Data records

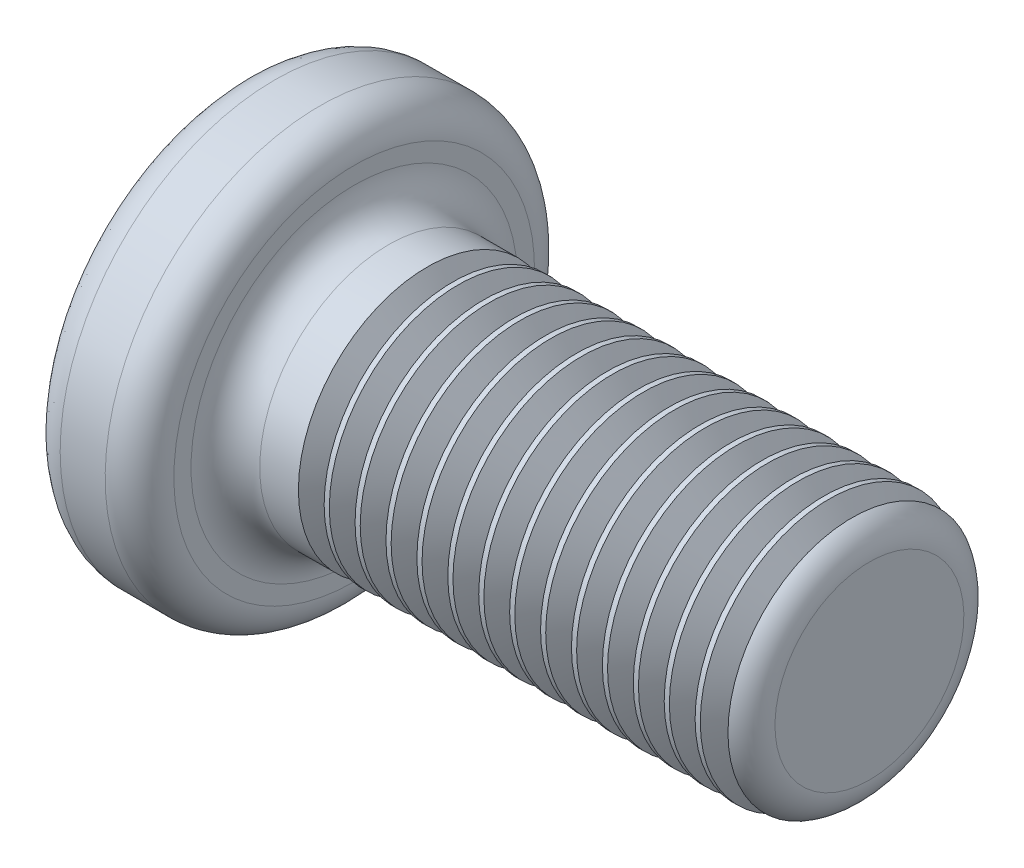
SolidWorks part; units mm, degrees
ref_plane "Front" through (0, 0, 0) normal (0, 0, 1) x (1, 0, 0)
ref_plane "Top" through (0, 0, 0) normal (0, 1, 0) x (1, 0, 0)
ref_plane "Right" through (0, 0, 0) normal (1, 0, 0) x (0, 0, -1)
sketch "Sketch1" plane through (0, 0, 0) normal (0, 0, 1) x (1, 0, 0)
  line L0 (-8.6356, 0) -> (3, 0) construction
  line L1 (8, 0) -> (8, 1.5)
  line L2 (8, 1.5) -> (2, 1.5)
  line L3 (2, 1.5) -> (2, 2.5)
  line L4 (2, 2.5) -> (0.8775, 2.5)
  line L5 (8, 0) -> (0, 0)
  arc A0 (0.8775, 2.5) -> (0, 0) centre (4, 0) ccw
  dimension "rf" = 4
  dimension "st" = 3
  dimension "k" = 2
  dimension "dk" = 5
  dimension "l" = 6
  dimension "a" = 1
revolve "Base" add sketch "Sketch1" angle 360 about L0
cosmetic thread "ThreadCosmetic1" parameters "D1"=5.5, "D2"=2.4
sketch "Sketch2" plane through (0, 0, 0) normal (1, 0, 0) x (0, 0, -1)
  line L0 (6.5369, 0) -> (-7.0008, 0) construction
  line L1 (0, 6.811) -> (0, -6.4314) construction
  line L2 (-0.3, 1.5) -> (0.3, 1.5)
  line L3 (0.3, 1.5) -> (0.3, 0.3)
  line L4 (0.3, 0.3) -> (1.5, 0.3)
  line L5 (1.5, 0.3) -> (1.5, -0.3)
  line L6 (0.3, -0.3) -> (1.5, -0.3)
  line L7 (0.3, -1.5) -> (0.3, -0.3)
  line L8 (-0.3, -1.5) -> (0.3, -1.5)
  line L9 (-0.3, -1.5) -> (-0.3, -0.3)
  line L10 (-0.3, -0.3) -> (-1.5, -0.3)
  line L11 (-1.5, 0.3) -> (-1.5, -0.3)
  line L12 (-0.3, 0.3) -> (-1.5, 0.3)
  line L13 (-0.3, 1.5) -> (-0.3, 0.3)
  point P5 (-1.5, 0)
  point P11 (1.5, 0)
  point P15 (0, -1.5)
  point P20 (0, 1.5)
  dimension "m" = 3
  dimension "D2" = 3
  dimension "D3" = 0.6
  dimension "D4" = 0.6
extrude "Cut-Extrude1" cut sketch "Sketch2" along normal blind 1.2
fillet "Fillet1" radius 0.4 4 edges at (2, -1.5, 0) (8, -1.5, 0) (2, -2.5, 0) (0.8775, -2.5, 0)
draft "Draft1" type of draft neutral plane draft angle 30 neutral plane "Right" faces to draft 4 face at (0.749, 1.5, 0) face at (0.749, 0, 1.5) face at (0.749, -1.5, 0) face at (0.749, 0, -1.5) neutral plane through (0, 0, 0) neutral plane normal (1, 0, 0) reverse direction yes parameters "D1"=30
sketch "Sketch3" plane through (0, 0, 0) normal (0, 0, 1) x (1, 0, 0)
  line L0 (2.85, 1.8) -> (3.15, 1.8)
  line L1 (3.15, 1.8) -> (3.15, 1.5)
  line L2 (3.15, 1.5) -> (3, 1.2402)
  line L3 (3, 1.2402) -> (2.85, 1.5)
  line L4 (2.85, 1.5) -> (2.85, 1.8)
  line L5 (0, 0) -> (33.8691, 0) construction
  line L6 (2, -2.5) -> (2, 2.5) construction
  dimension "D1" = 3
  dimension "D3" = 1
revolve "Cut-Revolve10" cut sketch "Sketch3" angle 360 about L5
pattern_linear "LPattern10" count 14 spacing 0.36 along (1, 0, 0) of "Cut-Revolve10"
equation "\"D3@Sketch2\" = \"m@Sketch2\" / 5"
equation "\"D4@Sketch2\" = \"D3@Sketch2\""
equation "\"D2@Sketch2\" = \"m@Sketch2\""
equation "\"D2@ThreadCosmetic1\" = \"st@Sketch1\"  * 4 / 5"
equation "\"D1@ThreadCosmetic1\" = \"l@Sketch1\" - \"a@Sketch1\""
equation "\"D1@Sketch3\" = \"st@Sketch1\""
equation "\"D2@Sketch3\" = (  \"st@Sketch1\" - \"D2@ThreadCosmetic1\" )  / 2"
equation "\"D3@Sketch3\" = \"a@Sketch1\""
equation "\"D3@LPattern10\" = \"D2@Sketch3\" * 1.2"
equation "\"D1@LPattern10\" = \"D1@ThreadCosmetic1\" / \"D3@LPattern10\""

▸ TASK PROMPT: Once the pictures are set aside, repeat the data above exactly.

▸ EXERCISE SOLUTION:
SolidWorks part; units mm, degrees
ref_plane "Front" through (0, 0, 0) normal (0, 0, 1) x (1, 0, 0)
ref_plane "Top" through (0, 0, 0) normal (0, 1, 0) x (1, 0, 0)
ref_plane "Right" through (0, 0, 0) normal (1, 0, 0) x (0, 0, -1)
sketch "Sketch1" plane through (0, 0, 0) normal (0, 0, 1) x (1, 0, 0)
  line L0 (-8.6356, 0) -> (3, 0) construction
  line L1 (8, 0) -> (8, 1.5)
  line L2 (8, 1.5) -> (2, 1.5)
  line L3 (2, 1.5) -> (2, 2.5)
  line L4 (2, 2.5) -> (0.8775, 2.5)
  line L5 (8, 0) -> (0, 0)
  arc A0 (0.8775, 2.5) -> (0, 0) centre (4, 0) ccw
  dimension "rf" = 4
  dimension "st" = 3
  dimension "k" = 2
  dimension "dk" = 5
  dimension "l" = 6
  dimension "a" = 1
revolve "Base" add sketch "Sketch1" angle 360 about L0
cosmetic thread "ThreadCosmetic1" parameters "D1"=5.5, "D2"=2.4
sketch "Sketch2" plane through (0, 0, 0) normal (1, 0, 0) x (0, 0, -1)
  line L0 (6.5369, 0) -> (-7.0008, 0) construction
  line L1 (0, 6.811) -> (0, -6.4314) construction
  line L2 (-0.3, 1.5) -> (0.3, 1.5)
  line L3 (0.3, 1.5) -> (0.3, 0.3)
  line L4 (0.3, 0.3) -> (1.5, 0.3)
  line L5 (1.5, 0.3) -> (1.5, -0.3)
  line L6 (0.3, -0.3) -> (1.5, -0.3)
  line L7 (0.3, -1.5) -> (0.3, -0.3)
  line L8 (-0.3, -1.5) -> (0.3, -1.5)
  line L9 (-0.3, -1.5) -> (-0.3, -0.3)
  line L10 (-0.3, -0.3) -> (-1.5, -0.3)
  line L11 (-1.5, 0.3) -> (-1.5, -0.3)
  line L12 (-0.3, 0.3) -> (-1.5, 0.3)
  line L13 (-0.3, 1.5) -> (-0.3, 0.3)
  point P5 (-1.5, 0)
  point P11 (1.5, 0)
  point P15 (0, -1.5)
  point P20 (0, 1.5)
  dimension "m" = 3
  dimension "D2" = 3
  dimension "D3" = 0.6
  dimension "D4" = 0.6
extrude "Cut-Extrude1" cut sketch "Sketch2" along normal blind 1.2
fillet "Fillet1" radius 0.4 4 edges at (2, -1.5, 0) (8, -1.5, 0) (2, -2.5, 0) (0.8775, -2.5, 0)
draft "Draft1" type of draft neutral plane draft angle 30 neutral plane "Right" faces to draft 4 face at (0.749, 1.5, 0) face at (0.749, 0, 1.5) face at (0.749, -1.5, 0) face at (0.749, 0, -1.5) neutral plane through (0, 0, 0) neutral plane normal (1, 0, 0) reverse direction yes parameters "D1"=30
sketch "Sketch3" plane through (0, 0, 0) normal (0, 0, 1) x (1, 0, 0)
  line L0 (2.85, 1.8) -> (3.15, 1.8)
  line L1 (3.15, 1.8) -> (3.15, 1.5)
  line L2 (3.15, 1.5) -> (3, 1.2402)
  line L3 (3, 1.2402) -> (2.85, 1.5)
  line L4 (2.85, 1.5) -> (2.85, 1.8)
  line L5 (0, 0) -> (33.8691, 0) construction
  line L6 (2, -2.5) -> (2, 2.5) construction
  dimension "D1" = 3
  dimension "D3" = 1
revolve "Cut-Revolve10" cut sketch "Sketch3" angle 360 about L5
pattern_linear "LPattern10" count 14 spacing 0.36 along (1, 0, 0) of "Cut-Revolve10"
equation "\"D3@Sketch2\" = \"m@Sketch2\" / 5"
equation "\"D4@Sketch2\" = \"D3@Sketch2\""
equation "\"D2@Sketch2\" = \"m@Sketch2\""
equation "\"D2@ThreadCosmetic1\" = \"st@Sketch1\"  * 4 / 5"
equation "\"D1@ThreadCosmetic1\" = \"l@Sketch1\" - \"a@Sketch1\""
equation "\"D1@Sketch3\" = \"st@Sketch1\""
equation "\"D2@Sketch3\" = (  \"st@Sketch1\" - \"D2@ThreadCosmetic1\" )  / 2"
equation "\"D3@Sketch3\" = \"a@Sketch1\""
equation "\"D3@LPattern10\" = \"D2@Sketch3\" * 1.2"
equation "\"D1@LPattern10\" = \"D1@ThreadCosmetic1\" / \"D3@LPattern10\""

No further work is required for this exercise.